# Dry Aged Ribeye



## sawhorseray (Oct 5, 2019)

Some of the dry aged ribeye steaks I did for 45 days in a UMAi around last Christmas made the trip to AZ. I seasoned the steaks when I cut them with salt and pepper before they went into the vac-seal bag. I popped one right from the freezer into the Sous Vide pot for four hours at 126º.






I've taken to getting a char on my steaks with the aid of a weed torch. I don't have a gas grill, the DW isn't fond of the smell of the house if I use the iron skillet, and I love playing with fire.
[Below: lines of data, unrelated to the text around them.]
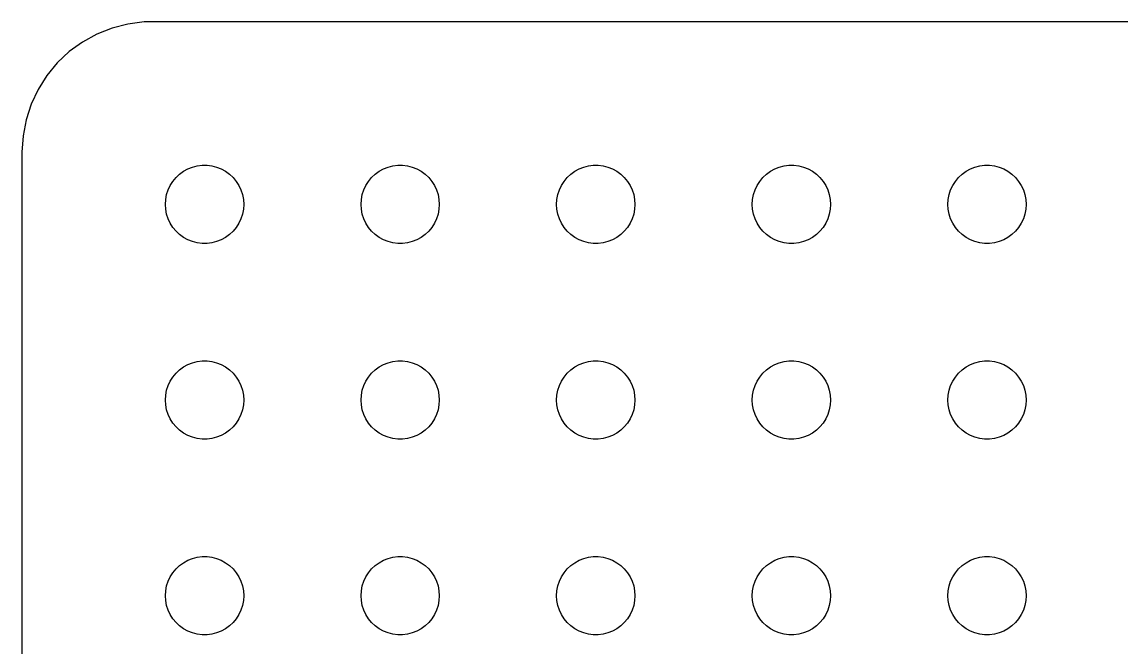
# Model space of a CAD drawing. Header units: metres. Extents: x -90 to 90, y -89 to 89.
# Drawn here: x -89.5 to -47.36, y 65.53 to 89.49 of the extents above; entities that cross this region are included whole.
import ezdxf

# ---------------------------------------------------------------- set-up
doc = ezdxf.new("R2010")
doc.units = ezdxf.units.M

msp = doc.modelspace()

# ---------------------------------------------------------------- linework, layer by layer
for p, q in [((-85.4369, 89.4114), (-86.0451, 89.2553)), ((-84.8139, 89.4901), (-85.4369, 89.4114)), ((84.8139, 89.4901), (-84.8139, 89.4901)), ((-86.6289, 89.0241), (-87.1791, 88.7216)), ((-86.0451, 89.2553), (-86.6289, 89.0241)), ((-87.1791, 88.7216), (-87.6871, 88.3526)), ((-87.6871, 88.3526), (-88.1448, 87.9227)), ((-88.1448, 87.9227), (-88.5451, 87.4389)), ((-88.5451, 87.4389), (-88.8815, 86.9088)), ((-88.8815, 86.9088), (-89.1489, 86.3406)), ((-89.1489, 86.3406), (-89.3429, 85.7434)), ((-89.3429, 85.7434), (-89.4606, 85.1267)), ((-89.4606, 85.1267), (-89.5, 84.5)), ((-89.5, 84.5), (-89.5, -84.5)), ((-83.3037, 83.7665), (-83.1387, 83.8572)), ((-83.1387, 83.8572), (-82.9635, 83.9266)), ((-82.9635, 83.9266), (-82.7811, 83.9734)), ((-82.7811, 83.9734), (-82.5942, 83.997)), ((-82.5942, 83.997), (-82.4058, 83.997)), ((-82.4058, 83.997), (-82.2189, 83.9734)), ((-82.2189, 83.9734), (-82.0365, 83.9266)), ((-82.0365, 83.9266), (-81.8613, 83.8572)), ((-81.8613, 83.8572), (-81.6963, 83.7665)), ((-75.8037, 83.7665), (-75.6387, 83.8572)), ((-75.6387, 83.8572), (-75.4635, 83.9266)), ((-75.4635, 83.9266), (-75.2811, 83.9734)), ((-75.2811, 83.9734), (-75.0942, 83.997)), ((-75.0942, 83.997), (-74.9058, 83.997)), ((-74.9058, 83.997), (-74.7189, 83.9734)), ((-74.7189, 83.9734), (-74.5365, 83.9266)), ((-74.5365, 83.9266), (-74.3613, 83.8572)), ((-74.3613, 83.8572), (-74.1963, 83.7665)), ((-68.3037, 83.7665), (-68.1387, 83.8572)), ((-68.1387, 83.8572), (-67.9635, 83.9266)), ((-67.9635, 83.9266), (-67.7811, 83.9734)), ((-67.7811, 83.9734), (-67.5942, 83.997)), ((-67.5942, 83.997), (-67.4058, 83.997)), ((-67.4058, 83.997), (-67.2189, 83.9734)), ((-67.2189, 83.9734), (-67.0365, 83.9266)), ((-67.0365, 83.9266), (-66.8613, 83.8572)), ((-66.8613, 83.8572), (-66.6963, 83.7665)), ((-60.8037, 83.7665), (-60.6387, 83.8572)), ((-60.6387, 83.8572), (-60.4635, 83.9266)), ((-60.4635, 83.9266), (-60.2811, 83.9734)), ((-60.2811, 83.9734), (-60.0942, 83.997)), ((-60.0942, 83.997), (-59.9058, 83.997)), ((-59.9058, 83.997), (-59.7189, 83.9734)), ((-59.7189, 83.9734), (-59.5365, 83.9266)), ((-59.5365, 83.9266), (-59.3613, 83.8572)), ((-59.3613, 83.8572), (-59.1963, 83.7665)), ((-53.3037, 83.7665), (-53.1387, 83.8572)), ((-53.1387, 83.8572), (-52.9635, 83.9266)), ((-52.9635, 83.9266), (-52.7811, 83.9734)), ((-52.7811, 83.9734), (-52.5942, 83.997)), ((-52.5942, 83.997), (-52.4058, 83.997)), ((-52.4058, 83.997), (-52.2189, 83.9734)), ((-52.2189, 83.9734), (-52.0365, 83.9266)), ((-52.0365, 83.9266), (-51.8613, 83.8572)), ((-51.8613, 83.8572), (-51.6963, 83.7665)), ((-83.7135, 83.3817), (-83.5934, 83.5268)), ((-83.5934, 83.5268), (-83.4561, 83.6558)), ((-83.4561, 83.6558), (-83.3037, 83.7665)), ((-81.6963, 83.7665), (-81.5439, 83.6558)), ((-81.5439, 83.6558), (-81.4065, 83.5268)), ((-81.4065, 83.5268), (-81.2865, 83.3817)), ((-76.2135, 83.3817), (-76.0934, 83.5268)), ((-76.0934, 83.5268), (-75.9561, 83.6558)), ((-75.9561, 83.6558), (-75.8037, 83.7665)), ((-74.1963, 83.7665), (-74.0439, 83.6558)), ((-74.0439, 83.6558), (-73.9065, 83.5268)), ((-73.9065, 83.5268), (-73.7865, 83.3817)), ((-68.7135, 83.3817), (-68.5934, 83.5268)), ((-68.5934, 83.5268), (-68.4561, 83.6558)), ((-68.4561, 83.6558), (-68.3037, 83.7665)), ((-66.6963, 83.7665), (-66.5439, 83.6558)), ((-66.5439, 83.6558), (-66.4065, 83.5268)), ((-66.4065, 83.5268), (-66.2865, 83.3817)), ((-61.2135, 83.3817), (-61.0934, 83.5268)), ((-61.0934, 83.5268), (-60.9561, 83.6558)), ((-60.9561, 83.6558), (-60.8037, 83.7665)), ((-59.1963, 83.7665), (-59.0439, 83.6558)), ((-59.0439, 83.6558), (-58.9065, 83.5268)), ((-58.9065, 83.5268), (-58.7865, 83.3817)), ((-53.7135, 83.3817), (-53.5934, 83.5268)), ((-53.5934, 83.5268), (-53.4561, 83.6558)), ((-53.4561, 83.6558), (-53.3037, 83.7665)), ((-51.6963, 83.7665), (-51.5439, 83.6558)), ((-51.5439, 83.6558), (-51.4065, 83.5268)), ((-51.4065, 83.5268), (-51.2865, 83.3817)), ((-83.9529, 82.873), (-83.8947, 83.0522)), ((-83.8947, 83.0522), (-83.8145, 83.2226)), ((-83.8145, 83.2226), (-83.7135, 83.3817)), ((-81.2865, 83.3817), (-81.1855, 83.2226)), ((-81.1855, 83.2226), (-81.1053, 83.0522)), ((-81.1053, 83.0522), (-81.0471, 82.873)), ((-76.4529, 82.873), (-76.3947, 83.0522)), ((-76.3947, 83.0522), (-76.3145, 83.2226)), ((-76.3145, 83.2226), (-76.2135, 83.3817)), ((-73.7865, 83.3817), (-73.6855, 83.2226)), ((-73.6855, 83.2226), (-73.6053, 83.0522)), ((-73.6053, 83.0522), (-73.5471, 82.873)), ((-68.9529, 82.873), (-68.8947, 83.0522)), ((-68.8947, 83.0522), (-68.8145, 83.2226)), ((-68.8145, 83.2226), (-68.7135, 83.3817)), ((-66.2865, 83.3817), (-66.1855, 83.2226)), ((-66.1855, 83.2226), (-66.1053, 83.0522)), ((-66.1053, 83.0522), (-66.0471, 82.873)), ((-61.4529, 82.873), (-61.3947, 83.0522)), ((-61.3947, 83.0522), (-61.3145, 83.2226)), ((-61.3145, 83.2226), (-61.2135, 83.3817)), ((-58.7865, 83.3817), (-58.6855, 83.2226)), ((-58.6855, 83.2226), (-58.6053, 83.0522)), ((-58.6053, 83.0522), (-58.5471, 82.873)), ((-53.9529, 82.873), (-53.8947, 83.0522)), ((-53.8947, 83.0522), (-53.8145, 83.2226)), ((-53.8145, 83.2226), (-53.7135, 83.3817)), ((-51.2865, 83.3817), (-51.1855, 83.2226)), ((-51.1855, 83.2226), (-51.1053, 83.0522)), ((-51.1053, 83.0522), (-51.0471, 82.873)), ((-84, 82.5), (-83.9882, 82.688)), ((-83.9882, 82.688), (-83.9529, 82.873)), ((-81.0471, 82.873), (-81.0118, 82.688)), ((-81.0118, 82.688), (-81, 82.5)), ((-76.5, 82.5), (-76.4882, 82.688)), ((-76.4882, 82.688), (-76.4529, 82.873)), ((-73.5471, 82.873), (-73.5118, 82.688)), ((-73.5118, 82.688), (-73.5, 82.5)), ((-69, 82.5), (-68.9882, 82.688)), ((-68.9882, 82.688), (-68.9529, 82.873)), ((-66.0471, 82.873), (-66.0118, 82.688)), ((-66.0118, 82.688), (-66, 82.5)), ((-61.5, 82.5), (-61.4882, 82.688)), ((-61.4882, 82.688), (-61.4529, 82.873)), ((-58.5471, 82.873), (-58.5118, 82.688)), ((-58.5118, 82.688), (-58.5, 82.5)), ((-54, 82.5), (-53.9882, 82.688)), ((-53.9882, 82.688), (-53.9529, 82.873)), ((-51.0471, 82.873), (-51.0118, 82.688)), ((-51.0118, 82.688), (-51, 82.5)), ((-83.9882, 82.312), (-84, 82.5)), ((-83.9529, 82.127), (-83.9882, 82.312)), ((-81.0118, 82.312), (-81.0471, 82.127)), ((-81, 82.5), (-81.0118, 82.312)), ((-76.4882, 82.312), (-76.5, 82.5)), ((-76.4529, 82.127), (-76.4882, 82.312)), ((-73.5118, 82.312), (-73.5471, 82.127)), ((-73.5, 82.5), (-73.5118, 82.312)), ((-68.9882, 82.312), (-69, 82.5)), ((-68.9529, 82.127), (-68.9882, 82.312)), ((-66.0118, 82.312), (-66.0471, 82.127)), ((-66, 82.5), (-66.0118, 82.312)), ((-61.4882, 82.312), (-61.5, 82.5)), ((-61.4529, 82.127), (-61.4882, 82.312)), ((-58.5118, 82.312), (-58.5471, 82.127)), ((-58.5, 82.5), (-58.5118, 82.312)), ((-53.9882, 82.312), (-54, 82.5)), ((-53.9529, 82.127), (-53.9882, 82.312)), ((-51.0118, 82.312), (-51.0471, 82.127)), ((-51, 82.5), (-51.0118, 82.312)), ((-83.8947, 81.9478), (-83.9529, 82.127)), ((-83.8145, 81.7774), (-83.8947, 81.9478)), ((-83.7135, 81.6183), (-83.8145, 81.7774)), ((-81.1855, 81.7774), (-81.2865, 81.6183)), ((-81.1053, 81.9478), (-81.1855, 81.7774)), ((-81.0471, 82.127), (-81.1053, 81.9478)), ((-76.3947, 81.9478), (-76.4529, 82.127)), ((-76.3145, 81.7774), (-76.3947, 81.9478)), ((-76.2135, 81.6183), (-76.3145, 81.7774)), ((-73.6855, 81.7774), (-73.7865, 81.6183)), ((-73.6053, 81.9478), (-73.6855, 81.7774)), ((-73.5471, 82.127), (-73.6053, 81.9478)), ((-68.8947, 81.9478), (-68.9529, 82.127)), ((-68.8145, 81.7774), (-68.8947, 81.9478)), ((-68.7135, 81.6183), (-68.8145, 81.7774)), ((-66.1855, 81.7774), (-66.2865, 81.6183)), ((-66.1053, 81.9478), (-66.1855, 81.7774)), ((-66.0471, 82.127), (-66.1053, 81.9478)), ((-61.3947, 81.9478), (-61.4529, 82.127)), ((-61.3145, 81.7774), (-61.3947, 81.9478)), ((-61.2135, 81.6183), (-61.3145, 81.7774)), ((-58.6855, 81.7774), (-58.7865, 81.6183)), ((-58.6053, 81.9478), (-58.6855, 81.7774)), ((-58.5471, 82.127), (-58.6053, 81.9478)), ((-53.8947, 81.9478), (-53.9529, 82.127)), ((-53.8145, 81.7774), (-53.8947, 81.9478)), ((-53.7135, 81.6183), (-53.8145, 81.7774)), ((-51.1855, 81.7774), (-51.2865, 81.6183)), ((-51.1053, 81.9478), (-51.1855, 81.7774)), ((-51.0471, 82.127), (-51.1053, 81.9478)), ((-83.5934, 81.4732), (-83.7135, 81.6183)), ((-83.4561, 81.3442), (-83.5934, 81.4732)), ((-83.3037, 81.2335), (-83.4561, 81.3442)), ((-81.5439, 81.3442), (-81.6963, 81.2335)), ((-81.4065, 81.4732), (-81.5439, 81.3442)), ((-81.2865, 81.6183), (-81.4065, 81.4732)), ((-76.0934, 81.4732), (-76.2135, 81.6183)), ((-75.9561, 81.3442), (-76.0934, 81.4732)), ((-75.8037, 81.2335), (-75.9561, 81.3442)), ((-74.0439, 81.3442), (-74.1963, 81.2335)), ((-73.9065, 81.4732), (-74.0439, 81.3442)), ((-73.7865, 81.6183), (-73.9065, 81.4732)), ((-68.5934, 81.4732), (-68.7135, 81.6183)), ((-68.4561, 81.3442), (-68.5934, 81.4732)), ((-68.3037, 81.2335), (-68.4561, 81.3442)), ((-66.5439, 81.3442), (-66.6963, 81.2335)), ((-66.4065, 81.4732), (-66.5439, 81.3442)), ((-66.2865, 81.6183), (-66.4065, 81.4732)), ((-61.0934, 81.4732), (-61.2135, 81.6183)), ((-60.9561, 81.3442), (-61.0934, 81.4732)), ((-60.8037, 81.2335), (-60.9561, 81.3442)), ((-59.0439, 81.3442), (-59.1963, 81.2335)), ((-58.9065, 81.4732), (-59.0439, 81.3442)), ((-58.7865, 81.6183), (-58.9065, 81.4732)), ((-53.5934, 81.4732), (-53.7135, 81.6183)), ((-53.4561, 81.3442), (-53.5934, 81.4732)), ((-53.3037, 81.2335), (-53.4561, 81.3442)), ((-51.5439, 81.3442), (-51.6963, 81.2335)), ((-51.4065, 81.4732), (-51.5439, 81.3442)), ((-51.2865, 81.6183), (-51.4065, 81.4732)), ((-83.1387, 81.1428), (-83.3037, 81.2335)), ((-82.9635, 81.0734), (-83.1387, 81.1428)), ((-82.7811, 81.0266), (-82.9635, 81.0734)), ((-82.5942, 81.003), (-82.7811, 81.0266)), ((-82.4058, 81.003), (-82.5942, 81.003)), ((-82.2189, 81.0266), (-82.4058, 81.003)), ((-82.0365, 81.0734), (-82.2189, 81.0266)), ((-81.8613, 81.1428), (-82.0365, 81.0734)), ((-81.6963, 81.2335), (-81.8613, 81.1428)), ((-75.6387, 81.1428), (-75.8037, 81.2335)), ((-75.4635, 81.0734), (-75.6387, 81.1428)), ((-75.2811, 81.0266), (-75.4635, 81.0734)), ((-75.0942, 81.003), (-75.2811, 81.0266)), ((-74.9058, 81.003), (-75.0942, 81.003)), ((-74.7189, 81.0266), (-74.9058, 81.003)), ((-74.5365, 81.0734), (-74.7189, 81.0266)), ((-74.3613, 81.1428), (-74.5365, 81.0734)), ((-74.1963, 81.2335), (-74.3613, 81.1428)), ((-68.1387, 81.1428), (-68.3037, 81.2335)), ((-67.9635, 81.0734), (-68.1387, 81.1428)), ((-67.7811, 81.0266), (-67.9635, 81.0734)), ((-67.5942, 81.003), (-67.7811, 81.0266)), ((-67.4058, 81.003), (-67.5942, 81.003)), ((-67.2189, 81.0266), (-67.4058, 81.003)), ((-67.0365, 81.0734), (-67.2189, 81.0266)), ((-66.8613, 81.1428), (-67.0365, 81.0734)), ((-66.6963, 81.2335), (-66.8613, 81.1428)), ((-60.6387, 81.1428), (-60.8037, 81.2335)), ((-60.4635, 81.0734), (-60.6387, 81.1428)), ((-60.2811, 81.0266), (-60.4635, 81.0734)), ((-60.0942, 81.003), (-60.2811, 81.0266)), ((-59.9058, 81.003), (-60.0942, 81.003)), ((-59.7189, 81.0266), (-59.9058, 81.003)), ((-59.5365, 81.0734), (-59.7189, 81.0266)), ((-59.3613, 81.1428), (-59.5365, 81.0734)), ((-59.1963, 81.2335), (-59.3613, 81.1428)), ((-53.1387, 81.1428), (-53.3037, 81.2335)), ((-52.9635, 81.0734), (-53.1387, 81.1428)), ((-52.7811, 81.0266), (-52.9635, 81.0734)), ((-52.5942, 81.003), (-52.7811, 81.0266)), ((-52.4058, 81.003), (-52.5942, 81.003)), ((-52.2189, 81.0266), (-52.4058, 81.003)), ((-52.0365, 81.0734), (-52.2189, 81.0266)), ((-51.8613, 81.1428), (-52.0365, 81.0734)), ((-51.6963, 81.2335), (-51.8613, 81.1428)), ((-83.3037, 76.2665), (-83.1387, 76.3572)), ((-83.1387, 76.3572), (-82.9635, 76.4266)), ((-82.9635, 76.4266), (-82.7811, 76.4734)), ((-82.7811, 76.4734), (-82.5942, 76.497)), ((-82.5942, 76.497), (-82.4058, 76.497)), ((-82.4058, 76.497), (-82.2189, 76.4734)), ((-82.2189, 76.4734), (-82.0365, 76.4266)), ((-82.0365, 76.4266), (-81.8613, 76.3572)), ((-81.8613, 76.3572), (-81.6963, 76.2665)), ((-75.8037, 76.2665), (-75.6387, 76.3572)), ((-75.6387, 76.3572), (-75.4635, 76.4266)), ((-75.4635, 76.4266), (-75.2811, 76.4734)), ((-75.2811, 76.4734), (-75.0942, 76.497)), ((-75.0942, 76.497), (-74.9058, 76.497)), ((-74.9058, 76.497), (-74.7189, 76.4734)), ((-74.7189, 76.4734), (-74.5365, 76.4266)), ((-74.5365, 76.4266), (-74.3613, 76.3572)), ((-74.3613, 76.3572), (-74.1963, 76.2665)), ((-68.3037, 76.2665), (-68.1387, 76.3572)), ((-68.1387, 76.3572), (-67.9635, 76.4266)), ((-67.9635, 76.4266), (-67.7811, 76.4734)), ((-67.7811, 76.4734), (-67.5942, 76.497)), ((-67.5942, 76.497), (-67.4058, 76.497)), ((-67.4058, 76.497), (-67.2189, 76.4734)), ((-67.2189, 76.4734), (-67.0365, 76.4266)), ((-67.0365, 76.4266), (-66.8613, 76.3572)), ((-66.8613, 76.3572), (-66.6963, 76.2665)), ((-60.8037, 76.2665), (-60.6387, 76.3572)), ((-60.6387, 76.3572), (-60.4635, 76.4266)), ((-60.4635, 76.4266), (-60.2811, 76.4734)), ((-60.2811, 76.4734), (-60.0942, 76.497)), ((-60.0942, 76.497), (-59.9058, 76.497)), ((-59.9058, 76.497), (-59.7189, 76.4734)), ((-59.7189, 76.4734), (-59.5365, 76.4266)), ((-59.5365, 76.4266), (-59.3613, 76.3572)), ((-59.3613, 76.3572), (-59.1963, 76.2665)), ((-53.3037, 76.2665), (-53.1387, 76.3572)), ((-53.1387, 76.3572), (-52.9635, 76.4266)), ((-52.9635, 76.4266), (-52.7811, 76.4734)), ((-52.7811, 76.4734), (-52.5942, 76.497)), ((-52.5942, 76.497), (-52.4058, 76.497)), ((-52.4058, 76.497), (-52.2189, 76.4734)), ((-52.2189, 76.4734), (-52.0365, 76.4266)), ((-52.0365, 76.4266), (-51.8613, 76.3572)), ((-51.8613, 76.3572), (-51.6963, 76.2665)), ((-83.8145, 75.7226), (-83.7135, 75.8817)), ((-83.7135, 75.8817), (-83.5934, 76.0268)), ((-83.5934, 76.0268), (-83.4561, 76.1558)), ((-83.4561, 76.1558), (-83.3037, 76.2665)), ((-81.6963, 76.2665), (-81.5439, 76.1558)), ((-81.5439, 76.1558), (-81.4065, 76.0268)), ((-81.4065, 76.0268), (-81.2865, 75.8817)), ((-81.2865, 75.8817), (-81.1855, 75.7226)), ((-76.3145, 75.7226), (-76.2135, 75.8817)), ((-76.2135, 75.8817), (-76.0934, 76.0268)), ((-76.0934, 76.0268), (-75.9561, 76.1558)), ((-75.9561, 76.1558), (-75.8037, 76.2665)), ((-74.1963, 76.2665), (-74.0439, 76.1558)), ((-74.0439, 76.1558), (-73.9065, 76.0268)), ((-73.9065, 76.0268), (-73.7865, 75.8817)), ((-73.7865, 75.8817), (-73.6855, 75.7226)), ((-68.8145, 75.7226), (-68.7135, 75.8817)), ((-68.7135, 75.8817), (-68.5934, 76.0268)), ((-68.5934, 76.0268), (-68.4561, 76.1558)), ((-68.4561, 76.1558), (-68.3037, 76.2665)), ((-66.6963, 76.2665), (-66.5439, 76.1558)), ((-66.5439, 76.1558), (-66.4065, 76.0268)), ((-66.4065, 76.0268), (-66.2865, 75.8817)), ((-66.2865, 75.8817), (-66.1855, 75.7226)), ((-61.3145, 75.7226), (-61.2135, 75.8817)), ((-61.2135, 75.8817), (-61.0934, 76.0268)), ((-61.0934, 76.0268), (-60.9561, 76.1558)), ((-60.9561, 76.1558), (-60.8037, 76.2665)), ((-59.1963, 76.2665), (-59.0439, 76.1558)), ((-59.0439, 76.1558), (-58.9065, 76.0268)), ((-58.9065, 76.0268), (-58.7865, 75.8817)), ((-58.7865, 75.8817), (-58.6855, 75.7226)), ((-53.8145, 75.7226), (-53.7135, 75.8817)), ((-53.7135, 75.8817), (-53.5934, 76.0268)), ((-53.5934, 76.0268), (-53.4561, 76.1558)), ((-53.4561, 76.1558), (-53.3037, 76.2665)), ((-51.6963, 76.2665), (-51.5439, 76.1558)), ((-51.5439, 76.1558), (-51.4065, 76.0268)), ((-51.4065, 76.0268), (-51.2865, 75.8817)), ((-51.2865, 75.8817), (-51.1855, 75.7226)), ((-83.9529, 75.373), (-83.8947, 75.5522)), ((-83.8947, 75.5522), (-83.8145, 75.7226)), ((-81.1855, 75.7226), (-81.1053, 75.5522)), ((-81.1053, 75.5522), (-81.0471, 75.373)), ((-76.4529, 75.373), (-76.3947, 75.5522)), ((-76.3947, 75.5522), (-76.3145, 75.7226)), ((-73.6855, 75.7226), (-73.6053, 75.5522)), ((-73.6053, 75.5522), (-73.5471, 75.373)), ((-68.9529, 75.373), (-68.8947, 75.5522)), ((-68.8947, 75.5522), (-68.8145, 75.7226)), ((-66.1855, 75.7226), (-66.1053, 75.5522)), ((-66.1053, 75.5522), (-66.0471, 75.373)), ((-61.4529, 75.373), (-61.3947, 75.5522)), ((-61.3947, 75.5522), (-61.3145, 75.7226)), ((-58.6855, 75.7226), (-58.6053, 75.5522)), ((-58.6053, 75.5522), (-58.5471, 75.373)), ((-53.9529, 75.373), (-53.8947, 75.5522)), ((-53.8947, 75.5522), (-53.8145, 75.7226)), ((-51.1855, 75.7226), (-51.1053, 75.5522)), ((-51.1053, 75.5522), (-51.0471, 75.373)), ((-84, 75), (-83.9882, 75.188)), ((-83.9882, 75.188), (-83.9529, 75.373)), ((-81.0471, 75.373), (-81.0118, 75.188)), ((-81.0118, 75.188), (-81, 75)), ((-76.5, 75), (-76.4882, 75.188)), ((-76.4882, 75.188), (-76.4529, 75.373)), ((-73.5471, 75.373), (-73.5118, 75.188)), ((-73.5118, 75.188), (-73.5, 75)), ((-69, 75), (-68.9882, 75.188)), ((-68.9882, 75.188), (-68.9529, 75.373)), ((-66.0471, 75.373), (-66.0118, 75.188)), ((-66.0118, 75.188), (-66, 75)), ((-61.5, 75), (-61.4882, 75.188)), ((-61.4882, 75.188), (-61.4529, 75.373)), ((-58.5471, 75.373), (-58.5118, 75.188)), ((-58.5118, 75.188), (-58.5, 75)), ((-54, 75), (-53.9882, 75.188)), ((-53.9882, 75.188), (-53.9529, 75.373)), ((-51.0471, 75.373), (-51.0118, 75.188)), ((-51.0118, 75.188), (-51, 75)), ((-83.9882, 74.812), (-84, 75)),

Tho I doubt I'll ever take the time and fridge space to ever dry age another rib roast, the steaks I got out of it were pretty darned flavorful. Buttery yam, garlic butter spinach, horseradish, little glass of cab. What can I say, I like butter. RAY


----------



## jcam222 (Oct 5, 2019)

Looks fantastic!! I am going to try dry aging some prime rib for Christmas dinner this year. I will Sous vide that and finish off on a 500F kamado.


----------



## sawhorseray (Oct 5, 2019)

Well jcam, give dry aging a shot and see what you think. I did a total of three standing rib roasts after backing the rib bones off, they can puncture the UMAi bag. Having only the kitchen fridge it took up a big chunk of space for 45 days, and I didn't think it made all that much difference in the flavor of the steak. 





All that rubbery stuff on the outside has to be trimmed off, it doesn't chew or taste too good to me. RAY


----------



## smokerjim (Oct 5, 2019)

looks like a tasty dinner. gotta love the torch


----------



## pops6927 (Oct 5, 2019)

fridge space: "Tho I doubt I'll ever take the time and fridge space to ever dry age another rib roast..."
easy peasy solution to fridge space: Buy the wife a new bigger fridge!  She will love it and claim the old fridge for the garage or basement!


----------



## SmokinAl (Oct 6, 2019)

That is a fine looking meal!
The steak looks fantastic!
Al


----------